Meadowlark - Data Store Transaction Handling

Design Question

Meadowlark's backend design pattern relies on document-oriented datastores that provide atomic transaction support. As such, there are times when an incoming request will fail due to race conditions / locking. How should Meadowlark handle these failures?

Scenarios for a Single Resource

Due to Meadowlark's ownership authorization model, these scenarios cannot occur for two different Client ID's trying to access the same resource. However, there exists a possibility that two different application threads could be operating in parallel with the same Client ID.

Upsert Failure Due to Delete

  • Thread A submits an update request for a particular resource via a POST request (upsert)
  • Thread B submits a delete request for that same resource
  • Thread B's request starts processing before Client A's.

The scenario may sound implausible at first, but consider this possibility: instead of sending a PUT request to update a record, one client application might submit a DELETE and then a POST request. If these requests are several seconds apart, then most likely they will succeed: the record is deleted, and then a new one is inserted.

However, there is a remote possibility that the requests are processed so close in time that the POST request fails because the DELETE is still processing.

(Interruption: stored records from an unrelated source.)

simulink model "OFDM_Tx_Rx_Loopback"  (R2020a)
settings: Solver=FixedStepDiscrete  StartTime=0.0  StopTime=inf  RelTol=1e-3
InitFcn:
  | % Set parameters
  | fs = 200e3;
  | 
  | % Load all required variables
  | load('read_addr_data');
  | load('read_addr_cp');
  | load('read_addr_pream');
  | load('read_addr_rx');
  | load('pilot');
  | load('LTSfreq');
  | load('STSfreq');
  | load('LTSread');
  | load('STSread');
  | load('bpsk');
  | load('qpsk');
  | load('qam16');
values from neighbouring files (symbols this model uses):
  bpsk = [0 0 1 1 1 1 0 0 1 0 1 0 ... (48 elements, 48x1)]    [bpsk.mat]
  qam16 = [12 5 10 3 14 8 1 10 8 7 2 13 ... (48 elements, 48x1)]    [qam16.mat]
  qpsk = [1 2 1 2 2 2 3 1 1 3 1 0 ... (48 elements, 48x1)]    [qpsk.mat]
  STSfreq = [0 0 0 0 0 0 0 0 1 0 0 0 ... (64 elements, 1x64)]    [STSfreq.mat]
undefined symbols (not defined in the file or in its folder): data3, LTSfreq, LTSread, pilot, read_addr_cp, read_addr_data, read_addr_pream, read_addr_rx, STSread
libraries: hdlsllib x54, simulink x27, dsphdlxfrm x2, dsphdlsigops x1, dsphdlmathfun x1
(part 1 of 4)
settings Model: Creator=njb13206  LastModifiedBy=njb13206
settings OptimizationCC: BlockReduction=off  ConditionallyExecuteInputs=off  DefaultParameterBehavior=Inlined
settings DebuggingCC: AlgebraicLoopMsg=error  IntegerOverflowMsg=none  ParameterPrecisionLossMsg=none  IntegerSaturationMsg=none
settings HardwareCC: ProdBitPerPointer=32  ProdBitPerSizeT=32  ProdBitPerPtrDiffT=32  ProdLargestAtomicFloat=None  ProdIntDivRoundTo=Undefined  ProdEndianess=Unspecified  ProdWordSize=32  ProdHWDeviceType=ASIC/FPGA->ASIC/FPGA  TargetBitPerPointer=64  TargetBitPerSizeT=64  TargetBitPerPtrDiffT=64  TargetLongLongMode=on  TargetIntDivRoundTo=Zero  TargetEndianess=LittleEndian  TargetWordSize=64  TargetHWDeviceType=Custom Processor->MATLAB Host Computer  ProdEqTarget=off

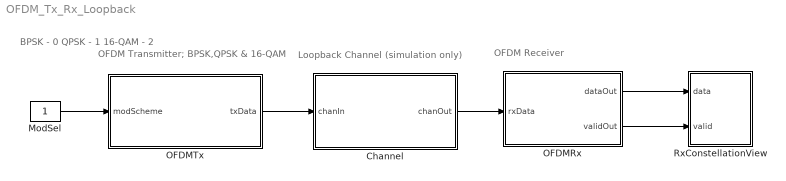
== system OFDM_Tx_Rx_Loopback ==
  note: OFDM Receiver
  note: Loopback Channel (simulation only)
  note: OFDM Transmitter; BPSK,QPSK & 16-QAM
  note: BPSK - 0
      | QPSK - 1
      | 16-QAM - 2
  "Channel " : Subsystem
  ModSel : Constant  OutDataTypeStr=fixdt(0,2,0)  SampleTime=1/fs
  OFDMRx : Subsystem
  OFDMTx : Subsystem
  RxConstellationView : Subsystem
  wires:
  "Channel "/1(chanOut) -> OFDMRx/1(rxData)
  OFDMTx/1(txData) -> "Channel "/1(chanIn)
  OFDMRx/1(dataOut) -> RxConstellationView/1(data)
  OFDMRx/2(validOut) -> RxConstellationView/2(valid)
  ModSel/1 -> OFDMTx/1(modScheme)

== system OFDM_Tx_Rx_Loopback/Channel  ==
  chanIn : Inport
  Delay : Delay  DelayLength=5
  Gain : Gain  Gain=0.1  OutDataTypeStr=fixdt(1,16,14)
  chanOut : Outport  VectorParamsAs1DForOutWhenUnconnected=off
  wires:
  Delay/1 -> chanOut/1
  chanIn/1 -> Gain/1
  Gain/1 -> Delay/1

== system OFDM_Tx_Rx_Loopback/OFDMRx ==
  note: One Tap Equaliser
  note: FFT Demodulation
  note: Timing and Frequency
      | synchronisation
  rxData : Inport
  ChannelEstEq : Subsystem
  FFT : Subsystem
  Synchronisation : Subsystem
  dataOut : Outport  VectorParamsAs1DForOutWhenUnconnected=off
  validOut : Outport  Port=2  VectorParamsAs1DForOutWhenUnconnected=off
  wires:
  rxData/1 -> Synchronisation/1(dataIn)
  FFT/1(dataOut) -> ChannelEstEq/1(dataIn)
  FFT/3(preambleValidOut) -> ChannelEstEq/3(preambleValid)
  FFT/2(dataValidOut) -> ChannelEstEq/2(dataValid)
  Synchronisation/1(DataOut) -> FFT/1(dataIn)
  Synchronisation/2(FFTValidOut) -> FFT/2(FFTValidIn)
  Synchronisation/3(dataValid) -> FFT/3(dataValid)
  Synchronisation/4(preambleValid) -> FFT/4(preambleValid)
  ChannelEstEq/1(dataOut) -> dataOut/1
  ChannelEstEq/2(dataValidOut) -> validOut/1

== system OFDM_Tx_Rx_Loopback/OFDMTx ==
  note: Generate random integers, M-QAM symbol mapping and sub-carrier
      | mapping.
  note: Add Cyclic Prefix
  note: Create OFDM symbols using
      | IFFT
  modScheme : Inport
  CPAdd : Subsystem
  Constant : Constant  OutDataTypeStr=boolean  SampleTime=1/fs
  ControlSignalGenerator : Subsystem
  DataGenerator : Subsystem
  IFFT : Subsystem
  SCMapper : Subsystem
  txData : Outport  VectorParamsAs1DForOutWhenUnconnected=off
  wires:
  DataGenerator/1(dataOut) -> SCMapper/1(dataIn)
  DataGenerator/2(preambValOut) -> SCMapper/2(preambValid)
  DataGenerator/3(dataValidOut) -> SCMapper/3(dataValid)
  SCMapper/1(dataOut) -> IFFT/1(dataIn)
  SCMapper/2(preambValidOut) -> IFFT/2(preambleValidIn)
  SCMapper/3(dataValidOut) -> IFFT/3("dataValidIn ")
  IFFT/1(dataOut) -> CPAdd/1(dataIn)
  IFFT/2(preambValidOut) -> CPAdd/2(preambValid)
  IFFT/3(dataValidOut) -> CPAdd/3(dataValid)
  CPAdd/1(dataOut) -> txData/1
  ControlSignalGenerator/1(dataValid) -> DataGenerator/2(dataValid)
  ControlSignalGenerator/2(preambleValid) -> DataGenerator/3(preambleValid)
  ControlSignalGenerator/3(dataReady) -> DataGenerator/4(dataReady)
  ControlSignalGenerator/4(PilotValid) -> DataGenerator/5(pilotValid)
  modScheme/1 -> DataGenerator/1(modScheme)
  Constant/1 -> ControlSignalGenerator/1(enable)

== system OFDM_Tx_Rx_Loopback/RxConstellationView ==
  data : Inport
  valid : Inport  Port=2
  Constant : Constant  Value=NaN + 1i*NaN  OutDataTypeStr=double  SampleTime=-1
  Constellation Diagram : ConstellationDiagram
  Switch : Switch  Criteria=u2 ~= 0
  wires:
  Switch/1 -> Constellation Diagram/1
  Constant/1 -> Switch/3
  valid/1 -> Switch/2
  data/1 -> Switch/1

== system OFDM_Tx_Rx_Loopback/OFDMRx/ChannelEstEq ==
  dataIn : Inport
  dataValid : Inport  Port=2
  preambleValid : Inport  Port=3
  ChannelEstimate : Subsystem
  DataArrange : Subsystem
  Delay : Delay  DelayLength=6
  Equalise : Subsystem
  dataOut : Outport  VectorParamsAs1DForOutWhenUnconnected=off
  dataValidOut : Outport  Port=2  VectorParamsAs1DForOutWhenUnconnected=off
  wires:
  ChannelEstimate/2(dataValidOut) -> Equalise/3(dataValidIn)
  ChannelEstimate/1(chEstOut) -> Equalise/2(chEstIn)
  Delay/1 -> Equalise/1(dataInEq)
  dataIn/1 -> ChannelEstimate/1(dataIn), Delay/1
  preambleValid/1 -> ChannelEstimate/2(preambleValid)
  dataValid/1 -> ChannelEstimate/3(dataValidIn)
  Equalise/1(dataOutEq) -> DataArrange/1(dataIn)
  Equalise/2(dataValidOut) -> DataArrange/2(validIn)
  DataArrange/1(dataOut) -> dataOut/1
  DataArrange/2(validOut) -> dataValidOut/1

== system OFDM_Tx_Rx_Loopback/OFDMRx/FFT ==
  dataIn : Inport
  FFTValidIn : Inport  Port=2
  dataValid : Inport  Port=3
  preambleValid : Inport  Port=4
  Delay1 : Delay  DelayLength=173
  Delay2 : Delay  DelayLength=173
  FFT HDL Optimized : dsphdlxfrm/FFT HDL Optimized  FFTLength=64  Architecture=Streaming Radix 2^2  ComplexMultiplication=Use 4 multipliers and 2 adders  BitReversedOutput=off  BitReversedInput=off  Normalize=off  SimulateUsing=Code generation  RoundingMethod=Floor  ResetInputPort=off  StartOutputPort=off  EndOutputPort=off
      settings: SourceProductBaseCode=DS
  Terminator : Terminator
  dataOut : Outport  VectorParamsAs1DForOutWhenUnconnected=off
  dataValidOut : Outport  Port=2  VectorParamsAs1DForOutWhenUnconnected=off
  preambleValidOut : Outport  Port=3  VectorParamsAs1DForOutWhenUnconnected=off
  wires:
  FFTValidIn/1 -> FFT HDL Optimized/2
  dataIn/1 -> FFT HDL Optimized/1
  Delay2/1 -> dataValidOut/1
  Delay1/1 -> preambleValidOut/1
  FFT HDL Optimized/1 -> dataOut/1
  FFT HDL Optimized/2 -> Terminator/1
  dataValid/1 -> Delay2/1
  preambleValid/1 -> Delay1/1

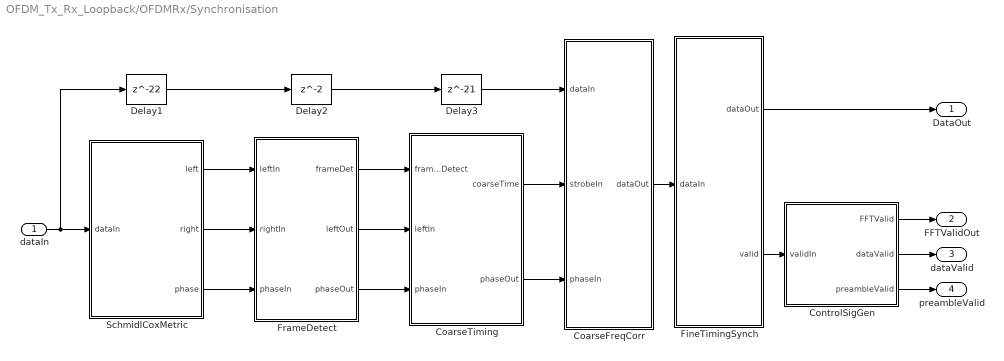
== system OFDM_Tx_Rx_Loopback/OFDMRx/Synchronisation ==
  dataIn : Inport
  CoarseFreqCorr : Subsystem
  CoarseTiming : Subsystem
  ControlSigGen : Subsystem
  Delay1 : Delay  DelayLength=22  InputProcessing=Columns as channels (frame based)
  Delay2 : Delay  InputProcessing=Columns as channels (frame based)
  Delay3 : Delay  DelayLength=21  InputProcessing=Columns as channels (frame based)
  FineTimingSynch : Subsystem
  FrameDetect : Subsystem
  "SchmidlCoxMetric " : Subsystem
  DataOut : Outport  VectorParamsAs1DForOutWhenUnconnected=off
  FFTValidOut : Outport  Port=2  VectorParamsAs1DForOutWhenUnconnected=off
  dataValid : Outport  Port=3  VectorParamsAs1DForOutWhenUnconnected=off
  preambleValid : Outport  Port=4  VectorParamsAs1DForOutWhenUnconnected=off
  wires:
  Delay1/1 -> Delay2/1
  "SchmidlCoxMetric "/3(phase) -> FrameDetect/3(phaseIn)
  "SchmidlCoxMetric "/2(right) -> FrameDetect/2(rightIn)
  FineTimingSynch/1(dataOut) -> DataOut/1
  FrameDetect/2(leftOut) -> CoarseTiming/2(leftIn)
  Delay2/1 -> Delay3/1
  FrameDetect/1(frameDet) -> CoarseTiming/1(frameDetect)
  FrameDetect/3(phaseOut) -> CoarseTiming/3(phaseIn)
  CoarseTiming/1(coarseTime) -> CoarseFreqCorr/2(strobeIn)
  dataIn/1 -> "SchmidlCoxMetric "/1(dataIn), Delay1/1
  Delay3/1 -> CoarseFreqCorr/1(dataIn)
  "SchmidlCoxMetric "/1(left) -> FrameDetect/1(leftIn)
  CoarseFreqCorr/1(dataOut) -> FineTimingSynch/1(dataIn)
  CoarseTiming/2(phaseOut) -> CoarseFreqCorr/3(phaseIn)
  ControlSigGen/1(FFTValid) -> FFTValidOut/1
  FineTimingSynch/2(valid) -> ControlSigGen/1(validIn)
  ControlSigGen/2(dataValid) -> dataValid/1
  ControlSigGen/3(preambleValid) -> preambleValid/1

== system OFDM_Tx_Rx_Loopback/OFDMTx/CPAdd ==
  dataIn : Inport
  preambValid : Inport  Port=2
  dataValid : Inport  Port=3
  DataExtend : Subsystem
  LTFExtend : Subsystem
  Mux2 : MATLAB Function  TreatAsAtomicUnit=on
  STFExtend : Subsystem
  dataOut : Outport  VectorParamsAs1DForOutWhenUnconnected=off
  wires:
  preambValid/1 -> LTFExtend/2(preambVal), STFExtend/2(preambVal)
  dataIn/1 -> DataExtend/1(dataIn), LTFExtend/1(data), STFExtend/1(data)
  STFExtend/1(STFExtendOut) -> Mux2/1(sts)
  STFExtend/2(STFValidOut) -> Mux2/2(stsval)
  LTFExtend/1(LTFExtendOut) -> Mux2/3(lts)
  LTFExtend/2(LTFValidOut) -> Mux2/4(ltsval)
  DataExtend/1(dataOut) -> Mux2/5(data)
  DataExtend/2(dataValidOut) -> Mux2/6(dataval)
  Mux2/1(dataOut) -> dataOut/1
  dataValid/1 -> DataExtend/2(dataValid)

== system OFDM_Tx_Rx_Loopback/OFDMTx/ControlSignalGenerator ==
  enable : Inport
  PreamValidGen : Subsystem
  dataReadyGen : Subsystem
  dataValidGen : Subsystem
  pilotValidGen : Subsystem
  dataValid : Outport
  preambleValid : Outport  Port=2
  dataReady : Outport  Port=3
  PilotValid : Outport  Port=4
  wires:
  enable/1 -> dataValidGen/2(enable), PreamValidGen/1(enable)
  dataReadyGen/1(y) -> dataReady/1
  pilotValidGen/1(y) -> PilotValid/1
  PreamValidGen/1(y) -> preambleValid/1, dataValidGen/1(y)
  dataValidGen/1(valOut) -> pilotValidGen/1(enb), dataReadyGen/1(enb), dataValid/1

== system OFDM_Tx_Rx_Loopback/OFDMTx/DataGenerator ==
  modScheme : Inport
  dataValid : Inport  Port=2
  preambleValid : Inport  Port=3
  dataReady : Inport  Port=4
  pilotValid : Inport  Port=5
  Data Multiplexer : MATLAB Function  TreatAsAtomicUnit=on
  LTSfreq : Subsystem
  PilotGen : Subsystem
  STSFreq : Subsystem
  SymbolsGen : Subsystem
  dataOut : Outport  VectorParamsAs1DForOutWhenUnconnected=off
  preambValOut : Outport  Port=2  VectorParamsAs1DForOutWhenUnconnected=off
  dataValidOut : Outport  Port=3  VectorParamsAs1DForOutWhenUnconnected=off
  wires:
  SymbolsGen/1(symbsOut) -> Data Multiplexer/1(symbols)
  LTSfreq/1(ltsFreq) -> Data Multiplexer/7(lts)
  LTSfreq/2(ltsVal) -> Data Multiplexer/8(ltsval)
  PilotGen/1(pilotOut) -> Data Multiplexer/3(pilots)
  STSFreq/1(stsFreq) -> Data Multiplexer/5(sts)
  STSFreq/2(stsVal) -> Data Multiplexer/6(stsval)
  Data Multiplexer/1(data) -> dataOut/1
  dataValid/1 -> dataValidOut/1, PilotGen/1(dataValidIn)
  preambleValid/1 -> STSFreq/1(preamVal), LTSfreq/1(preambVal), preambValOut/1
  dataReady/1 -> SymbolsGen/2(valid), Data Multiplexer/2(dataready)
  pilotValid/1 -> PilotGen/2(pilotValidIn), Data Multiplexer/4(pval)
  modScheme/1 -> SymbolsGen/1(modScheme)

== system OFDM_Tx_Rx_Loopback/OFDMTx/IFFT ==
  dataIn : Inport
  preambleValidIn : Inport  Port=2
  "dataValidIn " : Inport  Port=3
  Delay : Delay  DelayLength=173  InitialCondition=0  UseCircularBuffer=on
  Delay1 : Delay  DelayLength=173  InitialCondition=0  UseCircularBuffer=on
  IFFT HDL Optimized : dsphdlxfrm/IFFT HDL Optimized  FFTLength=64  Architecture=Streaming Radix 2^2  ComplexMultiplication=Use 3 multipliers and 5 adders  BitReversedOutput=off  BitReversedInput=off  Normalize=on  SimulateUsing=Code generation  RoundingMethod=Floor  ResetInputPort=off  StartOutputPort=off  EndOutputPort=off
      settings: SourceProductBaseCode=DS
  IFFTValid : Subsystem
  Terminator : Terminator
  dataOut : Outport  VectorParamsAs1DForOutWhenUnconnected=off
  preambValidOut : Outport  Port=2  VectorParamsAs1DForOutWhenUnconnected=off
  dataValidOut : Outport  Port=3  VectorParamsAs1DForOutWhenUnconnected=off
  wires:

In this case, it would be appropriate to retry the request rather than simply sending a failure message back to the client. The number of retries could be configurable, with a default value of 1. If the retry(ies) fail, then responding with 409 "conflict" would be sensible.

→ RETRY, 409

Update Failure Due to Delete

Similar to the the scenario above (Upsert Failure Due to Delete), except with a PUT request instead of a POST request. In this case, it would be more appropriate to respond to the client with 404 "does not exist".

→ 404

Scenarios Around Reference Checks

These scenarios could be from parallel threads using the same Client ID, or from two different Client ID's: referential integrity checks are independent of the authorization scheme.

Delete Failure Due to New Reference

  • Thread A submits a delete request for a particular resource
  • Thread B submits a separate request that has a reference to the to-be-deleted resource
  • Thread B's request completes before Thread A

This should result in a 409 "conflict" response with an appropriate message indicating that the resource is not deletable, unless a lock timeout occurred. If there was a lock timeout, a retry would be appropriate.

→ RETRY, 409

Update Failure Due to Deleted Reference

The backend code logic should be locking reference records so that they cannot be deleted in the scope of the transaction, see Meadowlark - Referential Integrity in Document Databases.

Solution

If the transaction fails due to a lock, retry it N times. N should be configurable, but default to 1 (retry once). Zero should be a valid configuration ("do not retry transaction").

Then ensure that 409 is the response if retry fails.